Rice Students develop a user-friendly Bone-Lengthening Distractor Device

Students Develop Bone-Lengthening Device (Biloine Young @ OTW)

Life is about to get a whole lot better for children undergoing distraction osteogenesis, thanks to a group of senior students at Rice University, Houston, Texas. Distraction osteogenesis is a method of correcting bone deformities that leave one limb shorter than the other. About 10 million children have this problem in either their arms or legs.

To correct it, surgeons break the bone and insert a distractor that stretches the bone and, over time, tugs it to the appropriate length. To keep constant tension on the bone, the patient has to, four times a day, give a screw in the bulky device a quarter turn.

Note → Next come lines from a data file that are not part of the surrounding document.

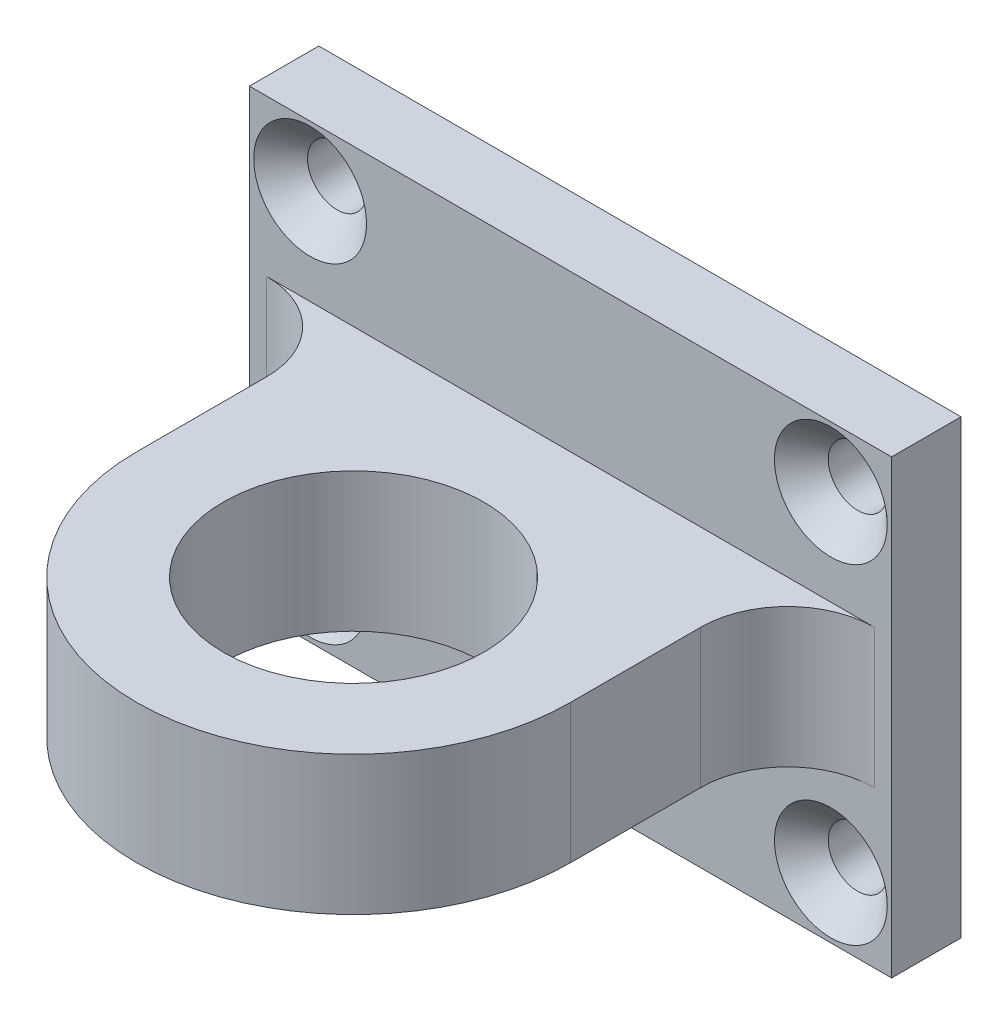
ISO-10303-21;
HEADER;
FILE_DESCRIPTION(('STEP AP214'),'2;1');
FILE_NAME('part.step','',(''),(''),'','','');
FILE_SCHEMA(('AUTOMOTIVE_DESIGN { 1 0 10303 214 1 1 1 1 }'));
ENDSEC;
DATA;
#1=APPLICATION_CONTEXT('core data for automotive mechanical design processes');
#2=APPLICATION_PROTOCOL_DEFINITION('international standard','automotive_design',2000,#1);
#3=PRODUCT_CONTEXT('',#1,'mechanical');
#4=PRODUCT('Part','Part','',(#3));
#5=PRODUCT_RELATED_PRODUCT_CATEGORY('part','',(#4));
#6=PRODUCT_DEFINITION_FORMATION('','',#4);
#7=PRODUCT_DEFINITION_CONTEXT('part definition',#1,'design');
#8=PRODUCT_DEFINITION('design','',#6,#7);
#9=PRODUCT_DEFINITION_SHAPE('','',#8);
#10=(LENGTH_UNIT() NAMED_UNIT(*) SI_UNIT(.MILLI.,.METRE.));
#11=(NAMED_UNIT(*) PLANE_ANGLE_UNIT() SI_UNIT($,.RADIAN.));
#12=(NAMED_UNIT(*) SI_UNIT($,.STERADIAN.) SOLID_ANGLE_UNIT());
#13=UNCERTAINTY_MEASURE_WITH_UNIT(LENGTH_MEASURE(1.E-05),#10,'distance_accuracy_value','');
#14=(GEOMETRIC_REPRESENTATION_CONTEXT(3) GLOBAL_UNCERTAINTY_ASSIGNED_CONTEXT((#13)) GLOBAL_UNIT_ASSIGNED_CONTEXT((#10,
#11,#12)) REPRESENTATION_CONTEXT('',''));
#15=CARTESIAN_POINT('',(0.,0.,0.));
#16=DIRECTION('',(0.,0.,1.));
#17=DIRECTION('',(1.,0.,0.));
#18=AXIS2_PLACEMENT_3D('',#15,#16,#17);
#19=CARTESIAN_POINT('',(-18.5,-13.,4.));
#20=DIRECTION('',(0.,0.,1.));
#21=DIRECTION('',(1.,0.,0.));
#22=AXIS2_PLACEMENT_3D('',#19,#20,#21);
#23=PLANE('',#22);
#24=CARTESIAN_POINT('',(-15.,-9.5,4.));
#25=DIRECTION('',(0.,0.,1.));
#26=DIRECTION('',(1.,0.,0.));
#27=AXIS2_PLACEMENT_3D('',#24,#25,#26);
#28=CIRCLE('',#27,3.25);
#29=CARTESIAN_POINT('',(-11.75,-9.5,4.));
#30=VERTEX_POINT('',#29);
#31=EDGE_CURVE('E238',#30,#30,#28,.T.);
#32=ORIENTED_EDGE('',*,*,#31,.F.);
#33=EDGE_LOOP('',(#32));
#34=FACE_BOUND('',#33,.T.);
#35=CARTESIAN_POINT('',(15.,-9.5,4.));
#36=DIRECTION('',(0.,0.,1.));
#37=DIRECTION('',(1.,0.,0.));
#38=AXIS2_PLACEMENT_3D('',#35,#36,#37);
#39=CIRCLE('',#38,3.25);
#40=CARTESIAN_POINT('',(18.25,-9.5,4.));
#41=VERTEX_POINT('',#40);
#42=EDGE_CURVE('E229',#41,#41,#39,.T.);
#43=ORIENTED_EDGE('',*,*,#42,.F.);
#44=EDGE_LOOP('',(#43));
#45=FACE_BOUND('',#44,.T.);
#46=CARTESIAN_POINT('',(-15.,9.49999999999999,4.));
#47=DIRECTION('',(0.,0.,1.));
#48=DIRECTION('',(1.,0.,0.));
#49=AXIS2_PLACEMENT_3D('',#46,#47,#48);
#50=CIRCLE('',#49,3.25);
#51=CARTESIAN_POINT('',(-11.75,9.49999999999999,4.));
#52=VERTEX_POINT('',#51);
#53=EDGE_CURVE('E220',#52,#52,#50,.T.);
#54=ORIENTED_EDGE('',*,*,#53,.F.);
#55=EDGE_LOOP('',(#54));
#56=FACE_BOUND('',#55,.T.);
#57=CARTESIAN_POINT('',(15.,9.5,4.));
#58=DIRECTION('',(0.,0.,1.));
#59=DIRECTION('',(1.,0.,0.));
#60=AXIS2_PLACEMENT_3D('',#57,#58,#59);
#61=CIRCLE('',#60,3.25);
#62=CARTESIAN_POINT('',(18.25,9.5,4.));
#63=VERTEX_POINT('',#62);
#64=EDGE_CURVE('E211',#63,#63,#61,.T.);
#65=ORIENTED_EDGE('',*,*,#64,.F.);
#66=EDGE_LOOP('',(#65));
#67=FACE_BOUND('',#66,.T.);
#68=DIRECTION('',(0.,-1.,0.));
#69=VECTOR('',#68,1.);
#70=CARTESIAN_POINT('',(-18.5,13.,4.));
#71=LINE('',#70,#69);
#72=CARTESIAN_POINT('',(-18.5,13.,4.));
#73=VERTEX_POINT('',#72);
#74=CARTESIAN_POINT('',(-18.5,-13.,4.));
#75=VERTEX_POINT('',#74);
#76=EDGE_CURVE('E146',#73,#75,#71,.T.);
#77=ORIENTED_EDGE('',*,*,#76,.T.);
#78=DIRECTION('',(1.,0.,0.));
#79=VECTOR('',#78,1.);
#80=CARTESIAN_POINT('',(-18.5,-13.,4.));
#81=LINE('',#80,#79);
#82=CARTESIAN_POINT('',(18.5,-13.,4.));
#83=VERTEX_POINT('',#82);
#84=EDGE_CURVE('E149',#75,#83,#81,.T.);
#85=ORIENTED_EDGE('',*,*,#84,.T.);
#86=DIRECTION('',(0.,1.,0.));
#87=VECTOR('',#86,1.);
#88=CARTESIAN_POINT('',(18.5,13.,4.));
#89=LINE('',#88,#87);
#90=CARTESIAN_POINT('',(18.5,13.,4.));
#91=VERTEX_POINT('',#90);
#92=EDGE_CURVE('E152',#83,#91,#89,.T.);
#93=ORIENTED_EDGE('',*,*,#92,.T.);
#94=DIRECTION('',(-1.,0.,0.));
#95=VECTOR('',#94,1.);
#96=CARTESIAN_POINT('',(-18.5,13.,4.));
#97=LINE('',#96,#95);
#98=EDGE_CURVE('E154',#91,#73,#97,.T.);
#99=ORIENTED_EDGE('',*,*,#98,.T.);
#100=EDGE_LOOP('',(#77,#85,#93,#99));
#101=FACE_BOUND('',#100,.T.);
#102=DIRECTION('',(-1.,0.,0.));
#103=VECTOR('',#102,1.);
#104=CARTESIAN_POINT('',(12.5,-4.,4.));
#105=LINE('',#104,#103);
#106=CARTESIAN_POINT('',(17.5,-4.,4.));
#107=VERTEX_POINT('',#106);
#108=CARTESIAN_POINT('',(-17.5,-4.,4.));
#109=VERTEX_POINT('',#108);
#110=EDGE_CURVE('E123',#107,#109,#105,.T.);
#111=ORIENTED_EDGE('',*,*,#110,.T.);
#112=DIRECTION('',(0.,-1.,0.));
#113=VECTOR('',#112,1.);
#114=CARTESIAN_POINT('',(-17.5,-13.,4.));
#115=LINE('',#114,#113);
#116=CARTESIAN_POINT('',(-17.5,4.,4.00000000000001));
#117=VERTEX_POINT('',#116);
#118=EDGE_CURVE('E177',#109,#117,#115,.F.);
#119=ORIENTED_EDGE('',*,*,#118,.T.);
#120=DIRECTION('',(-1.,0.,0.));
#121=VECTOR('',#120,1.);
#122=CARTESIAN_POINT('',(12.5,4.,4.));
#123=LINE('',#122,#121);
#124=CARTESIAN_POINT('',(17.5,4.,4.));
#125=VERTEX_POINT('',#124);
#126=EDGE_CURVE('E142',#125,#117,#123,.T.);
#127=ORIENTED_EDGE('',*,*,#126,.F.);
#128=DIRECTION('',(0.,-1.,0.));
#129=VECTOR('',#128,1.);
#130=CARTESIAN_POINT('',(17.5,-13.,4.));
#131=LINE('',#130,#129);
#132=EDGE_CURVE('E174',#125,#107,#131,.T.);
#133=ORIENTED_EDGE('',*,*,#132,.T.);
#134=EDGE_LOOP('',(#111,#119,#127,#133));
#135=FACE_BOUND('',#134,.T.);
#136=ADVANCED_FACE('F34',(#34,#45,#56,#67,#101,#135),#23,.T.);
#137=CARTESIAN_POINT('',(-18.5,13.,4.));
#138=DIRECTION('',(1.,0.,0.));
#139=DIRECTION('',(0.,0.,-1.));
#140=AXIS2_PLACEMENT_3D('',#137,#138,#139);
#141=PLANE('',#140);
#142=DIRECTION('',(0.,-1.,0.));
#143=VECTOR('',#142,1.);
#144=CARTESIAN_POINT('',(-18.5,13.,0.));
#145=LINE('',#144,#143);
#146=CARTESIAN_POINT('',(-18.5,13.,0.));
#147=VERTEX_POINT('',#146);
#148=CARTESIAN_POINT('',(-18.5,-13.,0.));
#149=VERTEX_POINT('',#148);
#150=EDGE_CURVE('E137',#147,#149,#145,.T.);
#151=ORIENTED_EDGE('',*,*,#150,.T.);
#152=DIRECTION('',(0.,0.,-1.));
#153=VECTOR('',#152,1.);
#154=CARTESIAN_POINT('',(-18.5,-13.,4.));
#155=LINE('',#154,#153);
#156=EDGE_CURVE('E169',#75,#149,#155,.T.);
#157=ORIENTED_EDGE('',*,*,#156,.F.);
#158=ORIENTED_EDGE('',*,*,#76,.F.);
#159=DIRECTION('',(0.,0.,-1.));
#160=VECTOR('',#159,1.);
#161=CARTESIAN_POINT('',(-18.5,13.,4.));
#162=LINE('',#161,#160);
#163=EDGE_CURVE('E155',#73,#147,#162,.T.);
#164=ORIENTED_EDGE('',*,*,#163,.T.);
#165=EDGE_LOOP('',(#151,#157,#158,#164));
#166=FACE_BOUND('',#165,.T.);
#167=ADVANCED_FACE('F246',(#166),#141,.F.);
#168=CARTESIAN_POINT('',(-18.5,-13.,4.));
#169=DIRECTION('',(0.,1.,0.));
#170=DIRECTION('',(0.,0.,1.));
#171=AXIS2_PLACEMENT_3D('',#168,#169,#170);
#172=PLANE('',#171);
#173=DIRECTION('',(1.,0.,0.));
#174=VECTOR('',#173,1.);
#175=CARTESIAN_POINT('',(-18.5,-13.,0.));
#176=LINE('',#175,#174);
#177=CARTESIAN_POINT('',(18.5,-13.,0.));
#178=VERTEX_POINT('',#177);
#179=EDGE_CURVE('E140',#149,#178,#176,.T.);
#180=ORIENTED_EDGE('',*,*,#179,.T.);
#181=DIRECTION('',(0.,0.,-1.));
#182=VECTOR('',#181,1.);
#183=CARTESIAN_POINT('',(18.5,-13.,4.));
#184=LINE('',#183,#182);
#185=EDGE_CURVE('E166',#83,#178,#184,.T.);
#186=ORIENTED_EDGE('',*,*,#185,.F.);
#187=ORIENTED_EDGE('',*,*,#84,.F.);
#188=ORIENTED_EDGE('',*,*,#156,.T.);
#189=EDGE_LOOP('',(#180,#186,#187,#188));
#190=FACE_BOUND('',#189,.T.);
#191=ADVANCED_FACE('F262',(#190),#172,.F.);
#192=CARTESIAN_POINT('',(18.5,13.,4.));
#193=DIRECTION('',(-1.,0.,0.));
#194=DIRECTION('',(0.,0.,1.));
#195=AXIS2_PLACEMENT_3D('',#192,#193,#194);
#196=PLANE('',#195);
#197=DIRECTION('',(0.,1.,0.));
#198=VECTOR('',#197,1.);
#199=CARTESIAN_POINT('',(18.5,13.,0.));
#200=LINE('',#199,#198);
#201=CARTESIAN_POINT('',(18.5,13.,0.));
#202=VERTEX_POINT('',#201);
#203=EDGE_CURVE('E158',#178,#202,#200,.T.);
#204=ORIENTED_EDGE('',*,*,#203,.T.);
#205=DIRECTION('',(0.,0.,-1.));
#206=VECTOR('',#205,1.);
#207=CARTESIAN_POINT('',(18.5,13.,4.));
#208=LINE('',#207,#206);
#209=EDGE_CURVE('E163',#91,#202,#208,.T.);
#210=ORIENTED_EDGE('',*,*,#209,.F.);
#211=ORIENTED_EDGE('',*,*,#92,.F.);
#212=ORIENTED_EDGE('',*,*,#185,.T.);
#213=EDGE_LOOP('',(#204,#210,#211,#212));
#214=FACE_BOUND('',#213,.T.);
#215=ADVANCED_FACE('F267',(#214),#196,.F.);
#216=CARTESIAN_POINT('',(-18.5,13.,4.));
#217=DIRECTION('',(0.,-1.,0.));
#218=DIRECTION('',(0.,0.,-1.));
#219=AXIS2_PLACEMENT_3D('',#216,#217,#218);
#220=PLANE('',#219);
#221=DIRECTION('',(-1.,0.,0.));
#222=VECTOR('',#221,1.);
#223=CARTESIAN_POINT('',(-18.5,13.,0.));
#224=LINE('',#223,#222);
#225=EDGE_CURVE('E150',#202,#147,#224,.T.);
#226=ORIENTED_EDGE('',*,*,#225,.T.);
#227=ORIENTED_EDGE('',*,*,#163,.F.);
#228=ORIENTED_EDGE('',*,*,#98,.F.);
#229=ORIENTED_EDGE('',*,*,#209,.T.);
#230=EDGE_LOOP('',(#226,#227,#228,#229));
#231=FACE_BOUND('',#230,.T.);
#232=ADVANCED_FACE('F270',(#231),#220,.F.);
#233=CARTESIAN_POINT('',(-18.5,-13.,0.));
#234=DIRECTION('',(0.,0.,1.));
#235=DIRECTION('',(1.,0.,0.));
#236=AXIS2_PLACEMENT_3D('',#233,#234,#235);
#237=PLANE('',#236);
#238=CARTESIAN_POINT('',(-15.,-9.5,0.));
#239=DIRECTION('',(0.,0.,1.));
#240=DIRECTION('',(1.,0.,0.));
#241=AXIS2_PLACEMENT_3D('',#238,#239,#240);
#242=CIRCLE('',#241,1.7);
#243=CARTESIAN_POINT('',(-13.3,-9.5,0.));
#244=VERTEX_POINT('',#243);
#245=EDGE_CURVE('E232',#244,#244,#242,.T.);
#246=ORIENTED_EDGE('',*,*,#245,.T.);
#247=EDGE_LOOP('',(#246));
#248=FACE_BOUND('',#247,.T.);
#249=CARTESIAN_POINT('',(15.,-9.5,0.));
#250=DIRECTION('',(0.,0.,1.));
#251=DIRECTION('',(1.,0.,0.));
#252=AXIS2_PLACEMENT_3D('',#249,#250,#251);
#253=CIRCLE('',#252,1.7);
#254=CARTESIAN_POINT('',(16.7,-9.5,0.));
#255=VERTEX_POINT('',#254);
#256=EDGE_CURVE('E223',#255,#255,#253,.T.);
#257=ORIENTED_EDGE('',*,*,#256,.T.);
#258=EDGE_LOOP('',(#257));
#259=FACE_BOUND('',#258,.T.);
#260=CARTESIAN_POINT('',(-15.,9.49999999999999,0.));
#261=DIRECTION('',(0.,0.,1.));
#262=DIRECTION('',(1.,0.,0.));
#263=AXIS2_PLACEMENT_3D('',#260,#261,#262);
#264=CIRCLE('',#263,1.7);
#265=CARTESIAN_POINT('',(-13.3,9.49999999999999,0.));
#266=VERTEX_POINT('',#265);
#267=EDGE_CURVE('E214',#266,#266,#264,.T.);
#268=ORIENTED_EDGE('',*,*,#267,.T.);
#269=EDGE_LOOP('',(#268));
#270=FACE_BOUND('',#269,.T.);
#271=CARTESIAN_POINT('',(15.,9.5,0.));
#272=DIRECTION('',(0.,0.,1.));
#273=DIRECTION('',(1.,0.,0.));
#274=AXIS2_PLACEMENT_3D('',#271,#272,#273);
#275=CIRCLE('',#274,1.7);
#276=CARTESIAN_POINT('',(16.7,9.5,0.));
#277=VERTEX_POINT('',#276);
#278=EDGE_CURVE('E203',#277,#277,#275,.T.);
#279=ORIENTED_EDGE('',*,*,#278,.T.);
#280=EDGE_LOOP('',(#279));
#281=FACE_BOUND('',#280,.T.);
#282=ORIENTED_EDGE('',*,*,#150,.F.);
#283=ORIENTED_EDGE('',*,*,#225,.F.);
#284=ORIENTED_EDGE('',*,*,#203,.F.);
#285=ORIENTED_EDGE('',*,*,#179,.F.);
#286=EDGE_LOOP('',(#282,#283,#284,#285));
#287=FACE_BOUND('',#286,.T.);
#288=ADVANCED_FACE('F272',(#248,#259,#270,#281,#287),#237,.F.);
#289=CARTESIAN_POINT('',(0.,4.,16.5));
#290=DIRECTION('',(0.,1.,0.));
#291=DIRECTION('',(0.,0.,1.));
#292=AXIS2_PLACEMENT_3D('',#289,#290,#291);
#293=PLANE('',#292);
#294=ORIENTED_EDGE('',*,*,#126,.T.);
#295=CARTESIAN_POINT('',(-17.5,4.,9.));
#296=DIRECTION('',(0.,1.,0.));
#297=DIRECTION('',(0.,0.,1.));
#298=AXIS2_PLACEMENT_3D('',#295,#296,#297);
#299=CIRCLE('',#298,5.);
#300=CARTESIAN_POINT('',(-12.5,4.,9.));
#301=VERTEX_POINT('',#300);
#302=EDGE_CURVE('E118',#117,#301,#299,.F.);
#303=ORIENTED_EDGE('',*,*,#302,.T.);
#304=DIRECTION('',(0.,0.,1.));
#305=VECTOR('',#304,1.);
#306=CARTESIAN_POINT('',(-12.5,4.,4.00000000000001));
#307=LINE('',#306,#305);
#308=CARTESIAN_POINT('',(-12.5,4.,16.5));
#309=VERTEX_POINT('',#308);
#310=EDGE_CURVE('E111',#301,#309,#307,.T.);
#311=ORIENTED_EDGE('',*,*,#310,.T.);
#312=CARTESIAN_POINT('',(0.,4.,16.5));
#313=DIRECTION('',(0.,1.,0.));
#314=DIRECTION('',(0.,0.,1.));
#315=AXIS2_PLACEMENT_3D('',#312,#313,#314);
#316=CIRCLE('',#315,12.5);
#317=CARTESIAN_POINT('',(12.5,4.,16.5));
#318=VERTEX_POINT('',#317);
#319=EDGE_CURVE('E115',#309,#318,#316,.T.);
#320=ORIENTED_EDGE('',*,*,#319,.T.);
#321=DIRECTION('',(0.,0.,-1.));
#322=VECTOR('',#321,1.);
#323=CARTESIAN_POINT('',(12.5,4.,16.5));
#324=LINE('',#323,#322);
#325=CARTESIAN_POINT('',(12.5,4.,9.));
#326=VERTEX_POINT('',#325);
#327=EDGE_CURVE('E131',#318,#326,#324,.T.);
#328=ORIENTED_EDGE('',*,*,#327,.T.);
#329=CARTESIAN_POINT('',(17.5,4.,9.));
#330=DIRECTION('',(0.,1.,0.));
#331=DIRECTION('',(0.,0.,1.));
#332=AXIS2_PLACEMENT_3D('',#329,#330,#331);
#333=CIRCLE('',#332,5.);
#334=EDGE_CURVE('E11',#326,#125,#333,.F.);
#335=ORIENTED_EDGE('',*,*,#334,.T.);
#336=EDGE_LOOP('',(#294,#303,#311,#320,#328,#335));
#337=FACE_BOUND('',#336,.T.);
#338=CARTESIAN_POINT('',(0.,4.,16.5));
#339=DIRECTION('',(0.,1.,0.));
#340=DIRECTION('',(0.,0.,1.));
#341=AXIS2_PLACEMENT_3D('',#338,#339,#340);
#342=CIRCLE('',#341,7.5);
#343=CARTESIAN_POINT('',(0.,4.,24.));
#344=VERTEX_POINT('',#343);
#345=EDGE_CURVE('E197',#344,#344,#342,.T.);
#346=ORIENTED_EDGE('',*,*,#345,.F.);
#347=EDGE_LOOP('',(#346));
#348=FACE_BOUND('',#347,.T.);
#349=ADVANCED_FACE('F113',(#337,#348),#293,.T.);
#350=CARTESIAN_POINT('',(0.,-4.,16.5));
#351=DIRECTION('',(0.,1.,0.));
#352=DIRECTION('',(0.,0.,1.));
#353=AXIS2_PLACEMENT_3D('',#350,#351,#352);
#354=PLANE('',#353);
#355=DIRECTION('',(0.,0.,1.));
#356=VECTOR('',#355,1.);
#357=CARTESIAN_POINT('',(-12.5,-4.,4.00000000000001));
#358=LINE('',#357,#356);
#359=CARTESIAN_POINT('',(-12.5,-4.,9.));
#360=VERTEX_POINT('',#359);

Current patients wear distractors for as long as it takes to complete the process of lengthening the bone, typically two to four months. Then they leave the device on for six more weeks, while the bone sets. Mechanical engineering student Raquel Kahn, a member of the student team, said that each of the Rice students working on the project wore a standard distractor (minus the bone-drilling part) for 24 hours to get a feel for what patients endure.

At the urging of Gloria Gogola, M.D., a hand and upper extremity surgeon who specializes in pediatrics, the students developed a motorized, automated linear distractor, called the LinDi, which does away with the manual manipulation of the screw. It also protects the fragile soft tissues and nerves from being overstressed.

“The process of limb lengthening—essentially creating a localized mini-growth spurt—works well for bones, but is very hard on the soft tissues such as nerves and blood vessels,” Gogola said in the April 23 news release. “This team has done an outstanding job of designing a creative solution. Their device not only protects the soft tissues, it will ultimately speed up the entire process.”

Kahn said, “The problem with the current device is that there’s a lot of room for error. You can imagine that one might forget to turn it once, or turn it the wrong way, or turn it too much. And a lot of problems can arise in the soft tissue and the nerves surrounding the bone. That’s the limiting factor of this process. But LinDi implements a motor to make the distraction process nearly continuous.” She said that the motorized, battery-operated LinDi adjusts the device almost 1,000 times every day, “so the process is more gradual and continuous, similar to actual bone growth.”

This group of students will soon be graduating. However, another team will take up the LinDi project, do additional testing and attempt to make the device less bulky.